**WHAT THE TASK REQUIRES:** Within the listing below, show every line that contains the word "from".

**SUPPLIED RECORDS:**
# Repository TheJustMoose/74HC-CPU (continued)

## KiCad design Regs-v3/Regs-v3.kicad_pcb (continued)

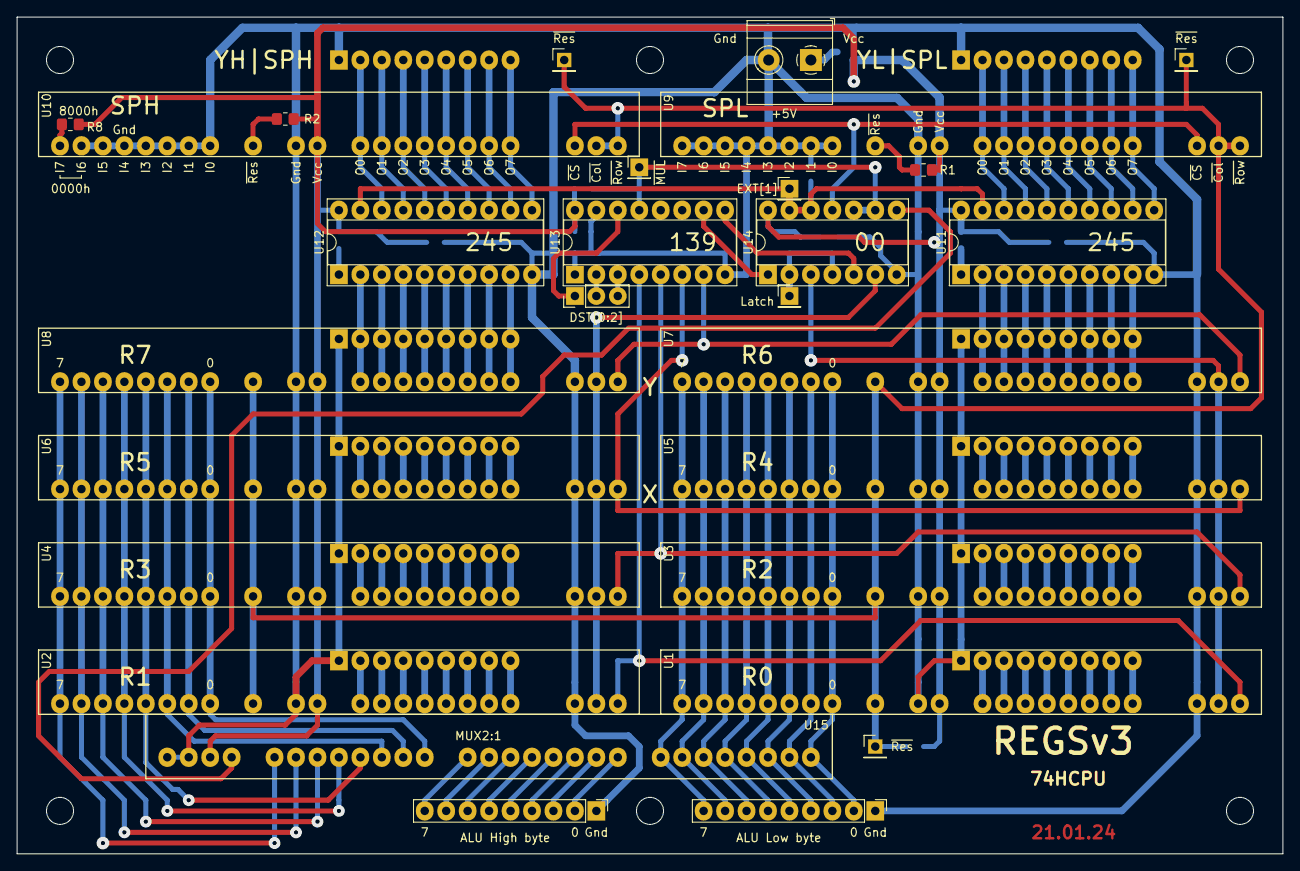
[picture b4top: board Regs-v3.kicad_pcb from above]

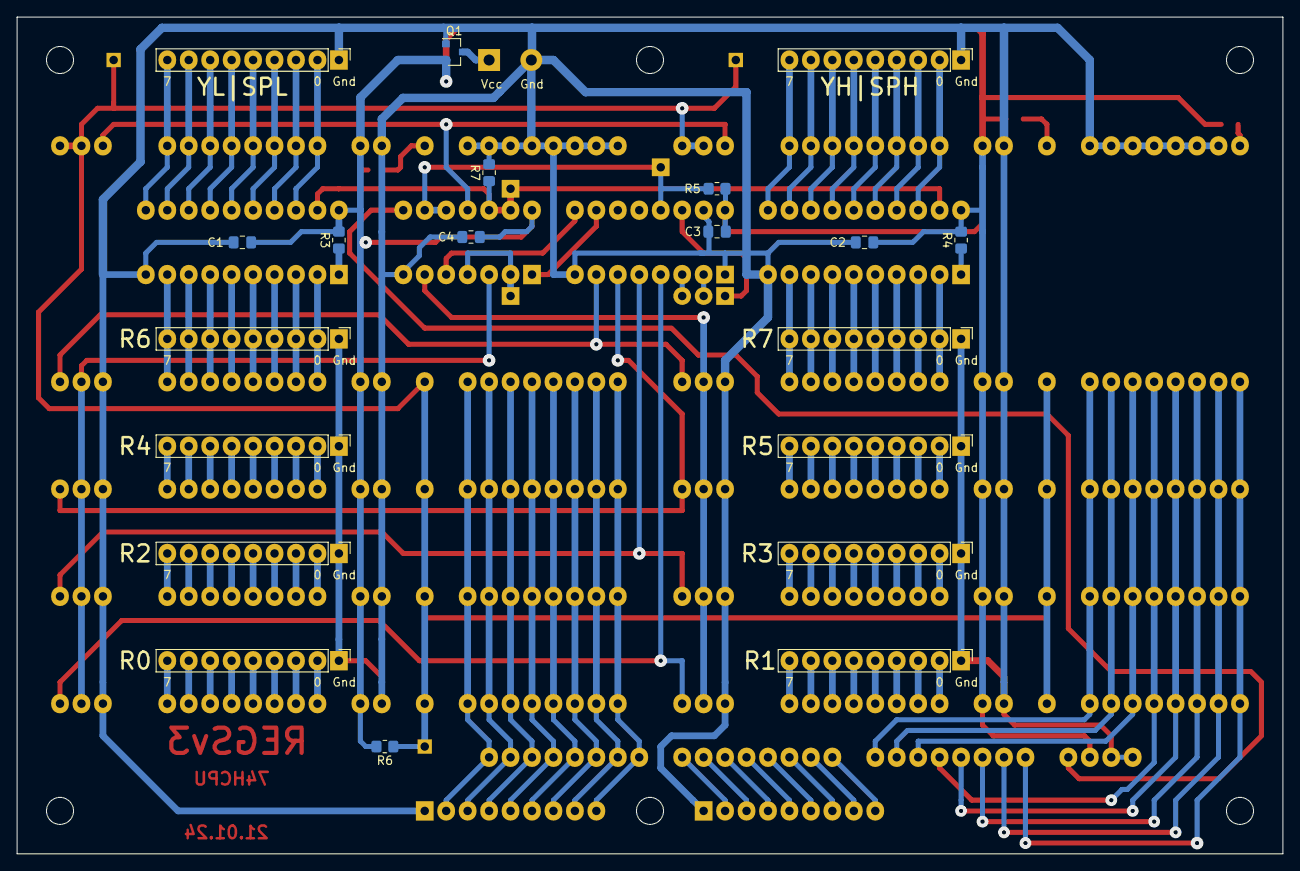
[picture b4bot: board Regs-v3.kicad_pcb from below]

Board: 2 copper layers, 149.9 x 99.1 mm, 54 parts (20 on the bottom side), 129 nets.

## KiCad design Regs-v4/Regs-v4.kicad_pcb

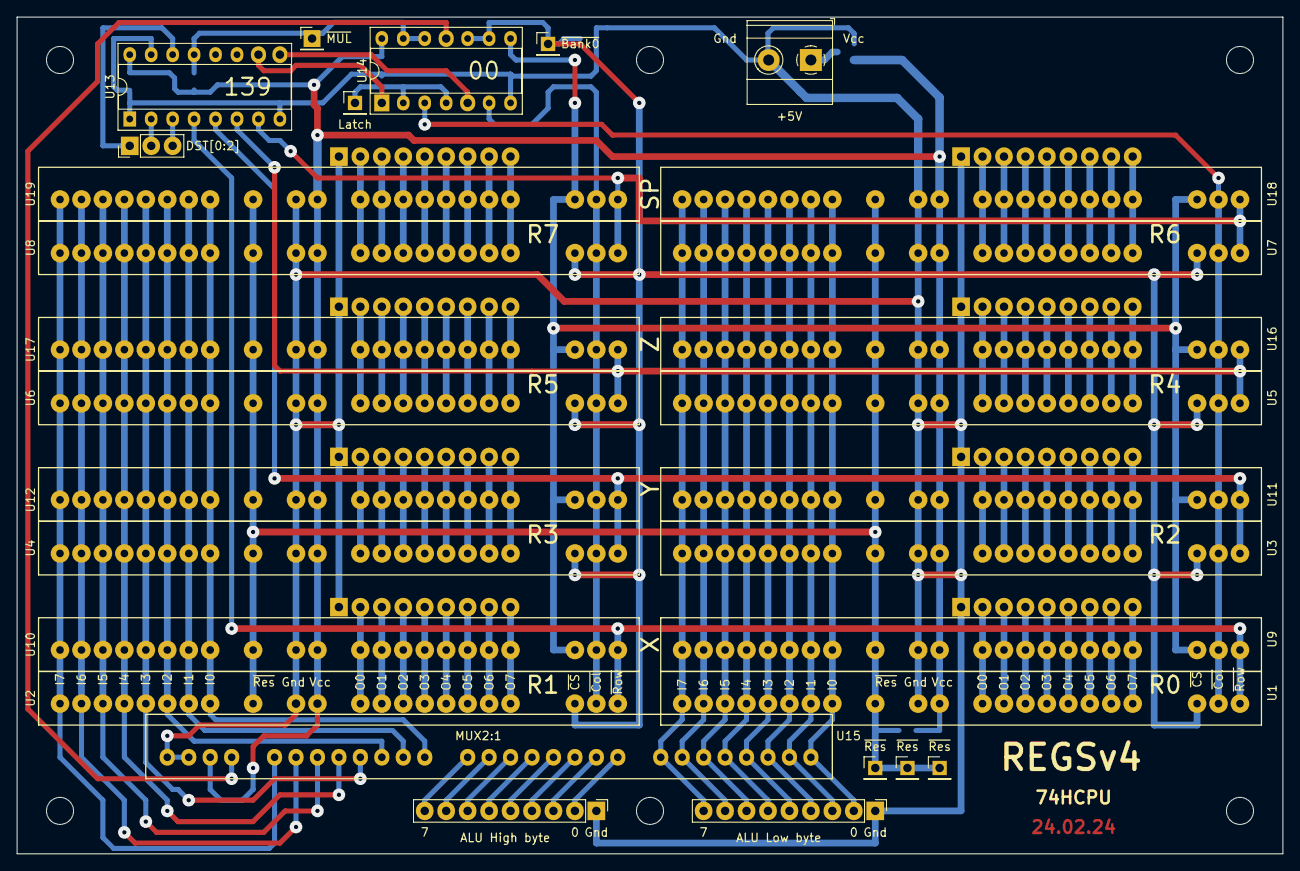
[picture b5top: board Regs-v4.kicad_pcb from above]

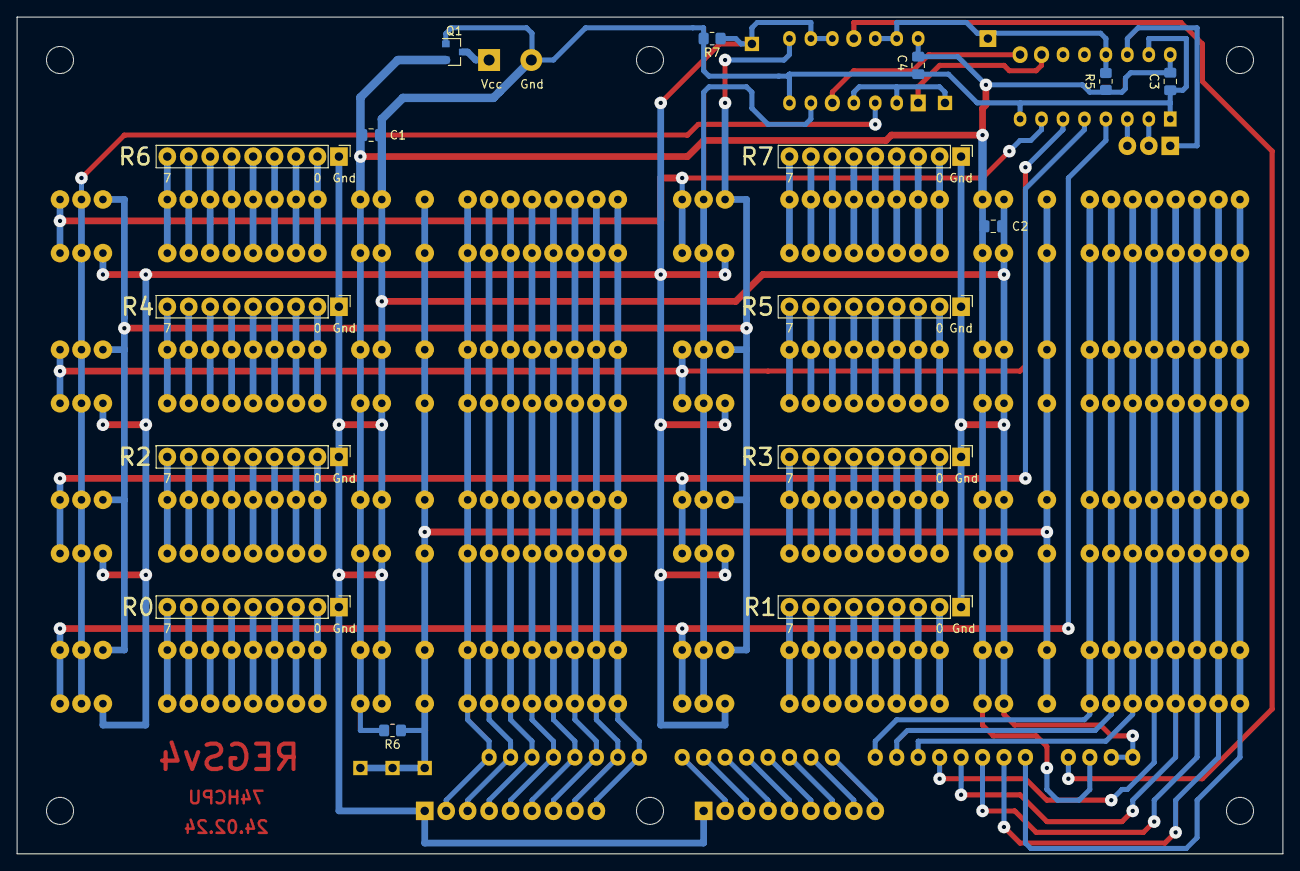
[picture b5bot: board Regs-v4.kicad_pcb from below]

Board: 2 copper layers, 149.9 x 99.1 mm, 51 parts (16 on the bottom side), 108 nets.

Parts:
C1, C2, C3, C4: 0.1uF; C_0805_2012Metric_Pad1.18x1.45mm_HandSolder
H1, H2, H3, H4, H5, H6: MountingHole; MountingHole_3.2mm_M3
J1, J2, J3, J4, J5, J6, J7, J8, J17, J18: Conn_01x09_Male; PinHeader_1x09_P2.54mm_Vertical
J11: Conn_01x03_Male; PinHeader_1x03_P2.54mm_Vertical
J12, J13, J14, J15, J19, J20: Conn_01x01_Male; PinHeader_1x01_P2.54mm_Vertical
J16: Screw_Terminal_01x02; TerminalBlock_Phoenix_MKDS-1,5-2_1x02_P5.00mm_Horizontal
Q1: IRLML5203; SOT-23
R5, R6, R7: 10k; R_0805_2012Metric_Pad1.20x1.40mm_HandSolder
U1, U2, U3, U4, U5, U6, U7, U8, U9, U10, U11, U12, U16, U17, U18, U19: REG_CNT
U13: 74LS139; DIP-16_W7.62mm_Socket
U14: 74HC00; DIP-14_W7.62mm_Socket
U15: MUX2-1; CMDwoC

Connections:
/ALU_H0: J18.2, U15.9
/ALU_H7: J18.9, U15.16
/DST[0]: J11.1, U13.14
/DST[1]: J11.2, U13.2
/DST[2]: J11.3, U13.3
/H0: U2.8, U4.8, U6.8, U8.8, U10.8, U12.8, U15.17, U17.8, U19.8
/H1: U2.7, U4.7, U6.7, U8.7, U10.7, U12.7, U15.18, U17.7, U19.7
/H2: U2.6, U4.6, U6.6, U8.6, U10.6, U12.6, U15.19, U17.6, U19.6
/H3: U2.5, U4.5, U6.5, U8.5, U10.5, U12.5, U15.20, U17.5, U19.5
/H4: U2.4, U4.4, U6.4, U8.4, U10.4, U12.4, U15.21, U17.4, U19.4
/H5: U2.3, U4.3, U6.3, U8.3, U10.3, U12.3, U15.22, U17.3, U19.3
/H6: U2.2, U4.2, U6.2, U8.2, U10.2, U12.2, U15.23, U17.2, U19.2
/H7: U2.1, U4.1, U6.1, U8.1, U10.1, U12.1, U15.24, U17.1, U19.1
/L0: J17.2, U1.8, U3.8, U5.8, U7.8, U9.8, U11.8, U15.1, U16.8, U18.8
/L1: J17.3, U1.7, U3.7, U5.7, U7.7, U9.7, U11.7, U15.2, U16.7, U18.7
/L2: J17.4, U1.6, U3.6, U5.6, U7.6, U9.6, U11.6, U15.3, U16.6, U18.6
/L3: J17.5, U1.5, U3.5, U5.5, U7.5, U9.5, U11.5, U15.4, U16.5, U18.5
/L4: J17.6, U1.4, U3.4, U5.4, U7.4, U9.4, U11.4, U15.5, U16.4, U18.4
/L5: J17.7, U1.3, U3.3, U5.3, U7.3, U9.3, U11.3, U15.6, U16.3, U18.3
/L6: J17.8, U1.2, U3.2, U5.2, U7.2, U9.2, U11.2, U15.7, U16.2, U18.2
/L7: J17.9, U1.1, U3.1, U5.1, U7.1, U9.1, U11.1, U15.8, U16.1, U18.1
/Latch: J15.1, U14.2, U14.4
/R0.0: J1.2, U1.12, U9.12
/R0.1: J1.3, U1.13, U9.13
/R0.2: J1.4, U1.14, U9.14
/R0.3: J1.5, U1.15, U9.15
/R0.4: J1.6, U1.16, U9.16
/R0.5: J1.7, U1.17, U9.17
/R0.6: J1.8, U1.18, U9.18
/R0.7: J1.9, U1.19, U9.19
/R1.0: J2.2, U2.12, U10.12
/R1.1: J2.3, U2.13, U10.13
/R1.2: J2.4, U2.14, U10.14
/R1.3: J2.5, U2.15, U10.15
/R1.4: J2.6, U2.16, U10.16
/R1.5: J2.7, U2.17, U10.17
/R1.6: J2.8, U2.18, U10.18
/R1.7: J2.9, U2.19, U10.19
/R2.0: J3.2, U3.12, U11.12
/R2.1: J3.3, U3.13, U11.13
/R2.2: J3.4, U3.14, U11.14
/R2.3: J3.5, U3.15, U11.15
/R2.4: J3.6, U3.16, U11.16
/R2.5: J3.7, U3.17, U11.17
/R2.6: J3.8, U3.18, U11.18
/R2.7: J3.9, U3.19, U11.19
/R3.0: J4.2, U4.12, U12.12
/R3.1: J4.3, U4.13, U12.13
/R3.2: J4.4, U4.14, U12.14
/R3.3: J4.5, U4.15, U12.15
/R3.4: J4.6, U4.16, U12.16
/R3.5: J4.7, U4.17, U12.17
/R3.6: J4.8, U4.18, U12.18
/R3.7: J4.9, U4.19, U12.19
/R4.0: J5.2, U5.12, U16.12
/R4.1: J5.3, U5.13, U16.13
/R4.2: J5.4, U5.14, U16.14
/R4.3: J5.5, U5.15, U16.15
/R4.4: J5.6, U5.16, U16.16
/R4.5: J5.7, U5.17, U16.17
/R4.6: J5.8, U5.18, U16.18
/R4.7: J5.9, U5.19, U16.19
/R5.0: J6.2, U6.12, U17.12
/R5.1: J6.3, U6.13, U17.13
/R5.2: J6.4, U6.14, U17.14
/R5.3: J6.5, U6.15, U17.15
/R5.4: J6.6, U6.16, U17.16
/R5.5: J6.7, U6.17, U17.17
/R5.6: J6.8, U6.18, U17.18
/R5.7: J6.9, U6.19, U17.19
/R6.0: J7.2, U7.12, U18.12
/R6.1: J7.3, U7.13, U18.13
/R6.2: J7.4, U7.14, U18.14
/R6.3: J7.5, U7.15, U18.15
/R6.4: J7.6, U7.16, U18.16
/R6.5: J7.7, U7.17, U18.17
/R6.6: J7.8, U7.18, U18.18
/R6.7: J7.9, U7.19, U18.19
/R7.0: J8.2, U8.12, U19.12
/R7.1: J8.3, U8.13, U19.13
/R7.2: J8.4, U8.14, U19.14
/R7.3: J8.5, U8.15, U19.15
/R7.4: J8.6, U8.16, U19.16
/R7.5: J8.7, U8.17, U19.17
/R7.6: J8.8, U8.18, U19.18
/R7.7: J8.9, U8.19, U19.19
/~Bank0: J14.1, R7.1, U1.20, U2.20, U3.20, U4.20, U5.20, U6.20, U7.20, U8.20, U14.9, U14.10
/~Bank1: U9.20, U10.20, U11.20, U12.20, U14.8, U16.20, U17.20, U18.20, U19.20
/~H: U2.21, U4.21, U6.21, U8.21, U10.21, U12.21, U14.6, U17.21, U19.21
/~L: U1.21, U3.21, U5.21, U7.21, U9.21, U11.21, U14.3, U16.21, U18.21
/~MUL: J12.1, R5.1, U13.13, U14.12, U14.13
/~R0: U1.22, U2.22, U9.22, U10.22, U13.4
/~R1: U3.22, U4.22, U11.22, U12.22, U13.5
/~R2: U5.22, U6.22, U13.6, U16.22, U17.22
/~R3: U7.22, U8.22, U13.7, U18.22, U19.22
/~Res: J13.1, J19.1, J20.1, R6.1, U1.9, U2.9, U3.9, U4.9, U5.9, U6.9, U7.9, U8.9, U9.9, U10.9, U11.9, U12.9, U16.9, U17.9, U18.9, U19.9
GND: C1.2, C2.2, C3.2, C4.2, J1.1, J2.1, J3.1, J4.1, J5.1, J6.1, J7.1, J8.1, J16.2, J17.1, J18.1, Q1.1, R7.2, U1.10, U2.10, U3.10, U4.10, U5.10, U6.10, U7.10, U8.10, U9.10, U10.10, U11.10, U12.10, U13.1, U13.8, U13.15, U14.7, U15.27, U15.28, U16.10, U17.10, U18.10, U19.10
unnamed: J16.1, Q1.3
unnamed: J18.3, U15.10
unnamed: J18.4, U15.11
unnamed: J18.5, U15.12
unnamed: J18.6, U15.13
unnamed: J18.7, U15.14
unnamed: J18.8, U15.15
unnamed: U13.9, U14.5
unnamed: U13.10, U14.1
unnamed: U14.11, U15.25
VCC: C1.1, C2.1, C3.1, C4.1, Q1.2, R5.2, R6.2, U1.11, U2.11, U3.11, U4.11, U5.11, U6.11, U7.11, U8.11, U9.11, U10.11, U11.11, U12.11, U13.16, U14.14, U15.26, U16.11, U17.11, U18.11, U19.11

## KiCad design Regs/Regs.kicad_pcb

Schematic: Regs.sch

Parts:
C1, C2, C3, C4, C5, C6, C7, C8: 0.1uF; C_Disc_D5.0mm_W2.5mm_P5.00mm
C9: 1uF; C_Disc_D5.0mm_W2.5mm_P5.00mm
D65, D66: LED; LED_Rectangular_W5.0mm_H2.0mm
H1, H2, H3, H4: MountingHole; MountingHole_3.2mm_M3
HL1, HL2, HL3, HL4, HL5, HL6, HL7, HL8, HL9, HL10, HL11, HL12, HL13, HL14, HL15, HL16, HL17, HL18, HL19, HL20, HL21, HL22, HL23, HL24, HL25, HL26, HL27, HL28, HL29, HL30, HL31, HL32, HL33, HL34, HL35, HL36, HL37, HL38, HL39, HL40, HL41, HL42, HL43, HL44, HL45, HL46, HL47, HL48, HL49, HL50, HL51, HL52, HL53, HL54, HL55, HL56, HL57, HL58, HL59, HL60, HL61, HL62, HL63, HL64: LED; LED_Rectangular_W5.0mm_H2.0mm
J1, J2, J3, J4, J5, J6, J7, J8: Conn_01x08_Female; PinSocket_1x08_P2.54mm_Vertical
J9: Conn_01x03_Male; PinHeader_1x03_P2.54mm_Vertical
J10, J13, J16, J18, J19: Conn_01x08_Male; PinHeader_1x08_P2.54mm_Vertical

**SOLUTION TO THIS PROBLEM:**
[picture b4top: board Regs-v3.kicad_pcb from above]
[picture b4bot: board Regs-v3.kicad_pcb from below]
[picture b5top: board Regs-v4.kicad_pcb from above]
[picture b5bot: board Regs-v4.kicad_pcb from below]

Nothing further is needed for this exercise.